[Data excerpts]

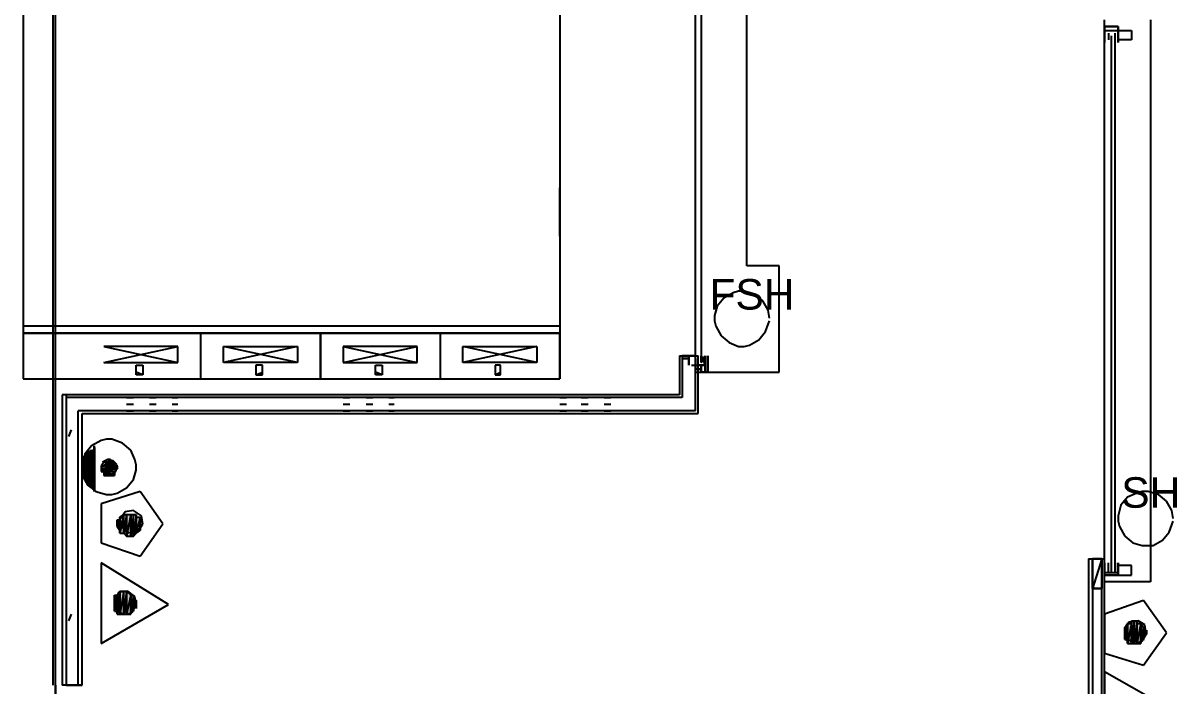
# Model space of a CAD drawing. Header units: millimetres. Extents: x 5 to 415, y 48 to 251.
# Drawn here: x 367.1 to 382.23, y 139.57 to 148.26 of the extents above; entities that cross this region are included whole.
import ezdxf

# ---------------------------------------------------------------- set-up
doc = ezdxf.new("R2010")
doc.units = ezdxf.units.MM
for name, color, linetype in [('H', 7, 'Continuous'), ('P', 7, 'Continuous'), ('T', 7, 'Continuous')]:
    doc.layers.add(name, color=color, linetype=linetype)

msp = doc.modelspace()

# ---------------------------------------------------------------- hatches: boundary and pattern name
at = {"layer": 'H', "linetype": 'Continuous'}
for points in [[(368.053, 142.628), (368, 142.663), (368.053, 142.699), (368.053, 142.628)], [(367.877, 142.54), (367.912, 142.575), (368.053, 142.575), (368.053, 142.54), (367.877, 142.54)], [(367.877, 142.452), (367.877, 142.54), (368.053, 142.54), (368.053, 142.452), (367.877, 142.452)], [(367.912, 142.575), (367.965, 142.628), (368.053, 142.628), (368.053, 142.575), (367.912, 142.575)], [(367.965, 142.628), (368, 142.663), (368.053, 142.628), (367.965, 142.628)], [(368.265, 142.487), (368.212, 142.54), (368.265, 142.54), (368.265, 142.487)], [(368.212, 142.487), (368.212, 142.54), (368.265, 142.487), (368.212, 142.487)], [(367.877, 142.416), (367.877, 142.452), (368.053, 142.452), (368.053, 142.416), (367.877, 142.416)], [(367.877, 142.328), (367.877, 142.416), (368.053, 142.416), (368.053, 142.328), (367.877, 142.328)], [(368.124, 142.452), (368.177, 142.487), (368.3, 142.487), (368.3, 142.452), (368.124, 142.452)], [(368.124, 142.416), (368.124, 142.452), (368.335, 142.452), (368.335, 142.416), (368.124, 142.416)], [(368.124, 142.363), (368.124, 142.416), (368.335, 142.416), (368.3, 142.363), (368.124, 142.363)], [(367.912, 142.275), (367.877, 142.328), (368.053, 142.328), (368.053, 142.275), (367.912, 142.275)], [(367.965, 142.205), (367.912, 142.275), (368.053, 142.275), (368.053, 142.205), (367.965, 142.205)], [(368.177, 142.328), (368.177, 142.363), (368.3, 142.363), (368.3, 142.328), (368.177, 142.328)], [(368, 142.152), (367.965, 142.205), (368.053, 142.205), (368.053, 142.152), (368, 142.152)], [(368.053, 142.117), (368, 142.152), (368.053, 142.152), (368.053, 142.117)], [(368.388, 141.57), (368.388, 141.781), (368.423, 141.817), (368.423, 141.57), (368.388, 141.57)], [(368.423, 141.57), (368.423, 141.817), (368.476, 141.817), (368.476, 141.517), (368.423, 141.57)], [(368.476, 141.517), (368.476, 141.817), (368.512, 141.817), (368.512, 141.517), (368.476, 141.517)], [(368.512, 141.517), (368.512, 141.817), (368.547, 141.817), (368.547, 141.517), (368.512, 141.517)], [(368.547, 141.517), (368.547, 141.817), (368.6, 141.817), (368.6, 141.57), (368.547, 141.517)], [(368.6, 141.57), (368.6, 141.781), (368.635, 141.781), (368.635, 141.605), (368.6, 141.57)], [(368.335, 141.64), (368.335, 141.728), (368.388, 141.728), (368.388, 141.605), (368.335, 141.64)], [(368.3, 140.547), (368.3, 140.758), (368.335, 140.758), (368.335, 140.547), (368.3, 140.547)], [(368.335, 140.511), (368.335, 140.758), (368.388, 140.794), (368.388, 140.511), (368.335, 140.511)], [(368.388, 140.511), (368.388, 140.794), (368.423, 140.794), (368.423, 140.511), (368.388, 140.511)], [(368.423, 140.511), (368.423, 140.794), (368.476, 140.794), (368.476, 140.511), (368.423, 140.511)], [(368.476, 140.511), (368.476, 140.794), (368.512, 140.758), (368.512, 140.511), (368.476, 140.511)], [(368.512, 140.547), (368.512, 140.758), (368.547, 140.758), (368.547, 140.547), (368.512, 140.547)], [(368.547, 140.582), (368.547, 140.723), (368.6, 140.67), (368.6, 140.582), (368.547, 140.582)], [(381.635, 140.123), (381.635, 140.423), (381.67, 140.423), (381.67, 140.123), (381.635, 140.123)], [(381.67, 140.123), (381.67, 140.423), (381.723, 140.423), (381.723, 140.123), (381.67, 140.123)], [(381.547, 140.159), (381.547, 140.335), (381.6, 140.37), (381.6, 140.159), (381.547, 140.159)], [(381.6, 140.123), (381.6, 140.37), (381.635, 140.37), (381.635, 140.123), (381.6, 140.123)], [(381.723, 140.123), (381.723, 140.37), (381.758, 140.37), (381.758, 140.123), (381.723, 140.123)], [(381.758, 140.159), (381.758, 140.37), (381.811, 140.335), (381.811, 140.159), (381.758, 140.159)], [(381.811, 140.212), (381.811, 140.3), (381.847, 140.3), (381.847, 140.247), (381.811, 140.212)]]:
    msp.add_hatch(color=256, dxfattribs=at).paths.add_polyline_path(points)

# ---------------------------------------------------------------- linework, layer by layer
at = {"layer": 'P'}
for points in [[(367.524, 117.863), (367.524, 220.61)], [(376.59, 145.08), (376.59, 149.613)], [(375.92, 143.863), (375.92, 149.401)], [(375.991, 149.401), (375.991, 143.863)], [(367.101, 149.066), (367.101, 143.598)], [(367.489, 149.066), (367.489, 143.598)], [(367.524, 143.598), (367.524, 149.066)], [(374.138, 149.066), (374.138, 143.598)], [(381.282, 140.935), (381.282, 148.308)], [(381.882, 148.308), (381.882, 140.935)], [(381.282, 148.008), (381.282, 148.22)], [(381.282, 148.22), (381.459, 148.22)], [(381.459, 148.22), (381.282, 148.22)], [(381.282, 148.22), (381.282, 148.008)], [(381.282, 148.167), (381.282, 148.043)], [(381.282, 148.043), (381.282, 148.167)], [(381.282, 148.043), (381.282, 148.167)], [(381.282, 148.167), (381.459, 148.167)], [(381.335, 148.131), (381.335, 148.043)], [(381.423, 148.043), (381.423, 148.131)], [(381.459, 148.22), (381.459, 148.008)], [(381.459, 148.008), (381.459, 148.22)], [(381.459, 148.167), (381.635, 148.167)], [(381.459, 148.167), (381.459, 148.043)], [(381.459, 148.043), (381.459, 148.167)], [(381.459, 148.167), (381.459, 148.043)], [(381.635, 148.167), (381.635, 148.043)], [(381.37, 148.096), (381.37, 141.111)], [(381.423, 141.111), (381.423, 148.096)], [(381.635, 148.043), (381.459, 148.043)], [(374.138, 145.468), (374.138, 146.103)], [(377.014, 145.08), (376.59, 145.08)], [(377.014, 143.686), (377.014, 145.08)], [(376.29, 144.657), (376.202, 144.551)], [(376.414, 144.727), (376.29, 144.657)], [(376.484, 144.745), (376.414, 144.727)], [(376.555, 144.745), (376.484, 144.745)], [(376.696, 144.709), (376.555, 144.745)], [(376.802, 144.621), (376.696, 144.709)], [(376.202, 144.551), (376.167, 144.427)], [(376.873, 144.498), (376.802, 144.621)], [(376.89, 144.392), (376.873, 144.498)], [(376.167, 144.427), (376.167, 144.357)], [(376.167, 144.357), (376.185, 144.286)], [(376.837, 144.216), (376.89, 144.357)], [(374.138, 144.286), (367.101, 144.286)], [(367.101, 144.198), (374.138, 144.198)], [(370.999, 144.198), (367.101, 144.198)], [(369.429, 144.198), (369.429, 143.598)], [(370.999, 144.198), (371.122, 144.198)], [(370.999, 143.598), (370.999, 144.198)], [(374.138, 144.198), (370.999, 144.198)], [(370.999, 144.198), (370.999, 143.598)], [(372.569, 144.198), (372.569, 143.598)], [(374.138, 143.598), (374.138, 144.198)], [(376.185, 144.286), (376.255, 144.163)], [(376.749, 144.11), (376.837, 144.216)], [(376.255, 144.163), (376.361, 144.074)], [(376.361, 144.074), (376.484, 144.022)], [(376.555, 144.022), (376.626, 144.039)], [(376.626, 144.039), (376.749, 144.11)], [(368.159, 143.81), (369.129, 144.022)], [(368.159, 144.022), (369.129, 143.81)], [(369.129, 144.022), (368.159, 144.022)], [(369.129, 143.81), (369.129, 144.022)], [(370.699, 143.81), (369.729, 144.022)], [(370.699, 144.022), (369.729, 143.81)], [(369.729, 143.81), (369.729, 144.022)], [(369.729, 144.022), (370.699, 144.022)], [(370.699, 144.022), (370.699, 143.81)], [(371.299, 143.81), (372.269, 144.022)], [(371.299, 144.022), (372.269, 143.81)], [(372.269, 144.022), (371.299, 144.022)], [(371.299, 144.022), (371.299, 143.81)], [(372.269, 143.81), (372.269, 144.022)], [(373.839, 143.81), (372.868, 144.022)], [(373.839, 144.022), (372.868, 143.81)], [(372.868, 143.81), (372.868, 144.022)], [(372.868, 144.022), (373.839, 144.022)], [(373.839, 144.022), (373.839, 143.81)], [(375.708, 143.898), (375.708, 143.387)], [(375.708, 143.898), (375.708, 143.387)], [(375.708, 143.898), (375.955, 143.898)], [(375.744, 143.898), (375.744, 143.351)], [(375.92, 143.898), (375.744, 143.898)], [(375.744, 143.898), (375.92, 143.898)], [(375.92, 143.898), (375.744, 143.898)], [(375.832, 143.898), (375.744, 143.898)], [(375.744, 143.898), (375.832, 143.898)], [(375.92, 143.898), (375.744, 143.898)], [(375.832, 143.775), (375.832, 143.898)], [(375.832, 143.898), (375.832, 143.775)], [(375.92, 143.898), (375.832, 143.898)], [(375.92, 143.175), (375.92, 143.898)], [(375.92, 143.175), (375.92, 143.898)], [(375.955, 143.14), (375.955, 143.898)], [(375.955, 143.81), (375.955, 143.898)], [(375.991, 143.898), (375.991, 143.81)], [(375.991, 143.81), (375.991, 143.898)], [(375.991, 143.81), (375.991, 143.898)], [(375.991, 143.898), (376.043, 143.775)], [(375.991, 143.81), (376.043, 143.898)], [(376.043, 143.898), (376.043, 143.775)], [(376.043, 143.775), (376.043, 143.898)], [(376.079, 143.898), (376.079, 143.686)], [(376.079, 143.686), (376.079, 143.898)], [(376.079, 143.686), (376.079, 143.898)], [(376.079, 143.686), (376.079, 143.898)], [(376.484, 144.022), (376.555, 144.022)], [(368.159, 143.81), (369.129, 143.81)], [(368.582, 143.651), (368.582, 143.775)], [(368.582, 143.775), (368.67, 143.775)], [(368.582, 143.686), (368.582, 143.775)], [(368.67, 143.775), (368.67, 143.651)], [(370.699, 143.81), (369.729, 143.81)], [(370.24, 143.775), (370.152, 143.775)], [(370.152, 143.775), (370.152, 143.651)], [(370.24, 143.651), (370.24, 143.775)], [(370.24, 143.686), (370.24, 143.775)], [(371.299, 143.81), (372.269, 143.81)], [(371.722, 143.651), (371.722, 143.775)], [(371.722, 143.775), (371.81, 143.775)], [(371.722, 143.686), (371.722, 143.775)], [(371.81, 143.775), (371.81, 143.651)], [(373.839, 143.81), (372.868, 143.81)], [(373.362, 143.775), (373.292, 143.775)], [(373.292, 143.775), (373.292, 143.651)], [(373.362, 143.651), (373.362, 143.775)], [(373.362, 143.686), (373.362, 143.775)], [(375.744, 143.863), (375.832, 143.863)], [(375.832, 143.863), (375.744, 143.863)], [(375.867, 143.775), (375.955, 143.775)], [(375.92, 143.863), (375.92, 143.722)], [(375.92, 143.722), (375.92, 143.863)], [(375.955, 143.775), (376.043, 143.775)], [(376.043, 143.775), (375.955, 143.775)], [(375.991, 143.686), (375.991, 143.775)], [(375.991, 143.775), (375.991, 143.686)], [(376.043, 143.775), (376.043, 143.686)], [(376.043, 143.686), (376.043, 143.775)], [(367.101, 143.598), (370.999, 143.598)], [(367.489, 143.598), (367.489, 139.577)], [(367.524, 139.577), (367.524, 143.598)], [(368.67, 143.651), (368.582, 143.686)], [(368.67, 143.651), (368.582, 143.651)], [(370.152, 143.651), (370.24, 143.686)], [(370.152, 143.651), (370.24, 143.651)], [(370.999, 143.598), (374.138, 143.598)], [(371.81, 143.651), (371.722, 143.686)], [(371.81, 143.651), (371.722, 143.651)], [(373.292, 143.651), (373.362, 143.686)], [(373.292, 143.651), (373.362, 143.651)], [(375.991, 143.722), (375.92, 143.722)], [(375.92, 143.722), (375.991, 143.722)], [(375.92, 143.686), (377.014, 143.686)], [(375.991, 143.686), (376.079, 143.686)], [(376.079, 143.686), (375.991, 143.686)], [(367.612, 143.387), (367.612, 139.577)], [(375.708, 143.387), (367.612, 143.387)], [(367.665, 143.387), (367.665, 139.577)], [(375.708, 143.387), (367.665, 143.387)], [(367.665, 143.351), (367.665, 139.577)], [(375.744, 143.351), (367.665, 143.351)], [(368.459, 143.351), (368.547, 143.351)], [(368.759, 143.351), (368.847, 143.351)], [(369.058, 143.351), (369.129, 143.351)], [(371.299, 143.351), (371.387, 143.351)], [(371.598, 143.351), (371.687, 143.351)], [(371.898, 143.351), (371.969, 143.351)], [(374.138, 143.351), (374.227, 143.351)], [(374.421, 143.351), (374.509, 143.351)], [(374.721, 143.351), (374.809, 143.351)], [(367.824, 139.577), (367.824, 143.175)], [(367.824, 139.577), (367.824, 143.175)], [(375.92, 143.175), (367.824, 143.175)], [(375.92, 143.175), (367.824, 143.175)], [(367.877, 139.577), (367.877, 143.14)], [(367.877, 143.14), (375.955, 143.14)], [(368.459, 143.263), (368.547, 143.263)], [(368.459, 143.175), (368.547, 143.175)], [(368.759, 143.263), (368.847, 143.263)], [(368.759, 143.175), (368.847, 143.175)], [(369.058, 143.263), (369.129, 143.263)], [(369.058, 143.175), (369.129, 143.175)], [(371.299, 143.263), (371.387, 143.263)], [(371.299, 143.175), (371.387, 143.175)], [(371.598, 143.263), (371.687, 143.263)], [(371.598, 143.175), (371.687, 143.175)], [(371.898, 143.263), (371.969, 143.263)], [(371.898, 143.175), (371.969, 143.175)], [(374.138, 143.263), (374.227, 143.263)], [(374.138, 143.175), (374.227, 143.175)], [(374.421, 143.263), (374.509, 143.263)], [(374.421, 143.175), (374.509, 143.175)], [(374.721, 143.263), (374.809, 143.263)], [(374.721, 143.175), (374.809, 143.175)], [(367.7, 142.84), (367.736, 142.928)], [(368, 142.716), (367.912, 142.61)], [(368.124, 142.787), (368, 142.716)], [(368.035, 142.663), (368.035, 142.716)], [(368.035, 142.716), (368.035, 142.663)], [(368.035, 142.117), (368.035, 142.716)], [(368.194, 142.804), (368.124, 142.787)], [(368.265, 142.804), (368.194, 142.804)], [(368.406, 142.752), (368.265, 142.804)], [(368.512, 142.663), (368.406, 142.752)], [(367.912, 142.61), (367.877, 142.469)], [(367.912, 142.593), (367.877, 142.54)], [(368.035, 142.452), (367.877, 142.54)], [(367.877, 142.54), (367.877, 142.452)], [(368.035, 142.452), (367.877, 142.54)], [(367.877, 142.54), (368.035, 142.54)], [(367.877, 142.54), (368.035, 142.54)], [(367.947, 142.628), (367.912, 142.593)], [(368.035, 142.54), (367.912, 142.593)], [(368.035, 142.54), (367.912, 142.593)], [(367.912, 142.593), (368.035, 142.593)], [(367.912, 142.593), (368.035, 142.593)], [(367.947, 142.628), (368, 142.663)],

▶ **Task**: Please report the number of lines in the data that include "units", with no other words.

▶ **Your response**: 2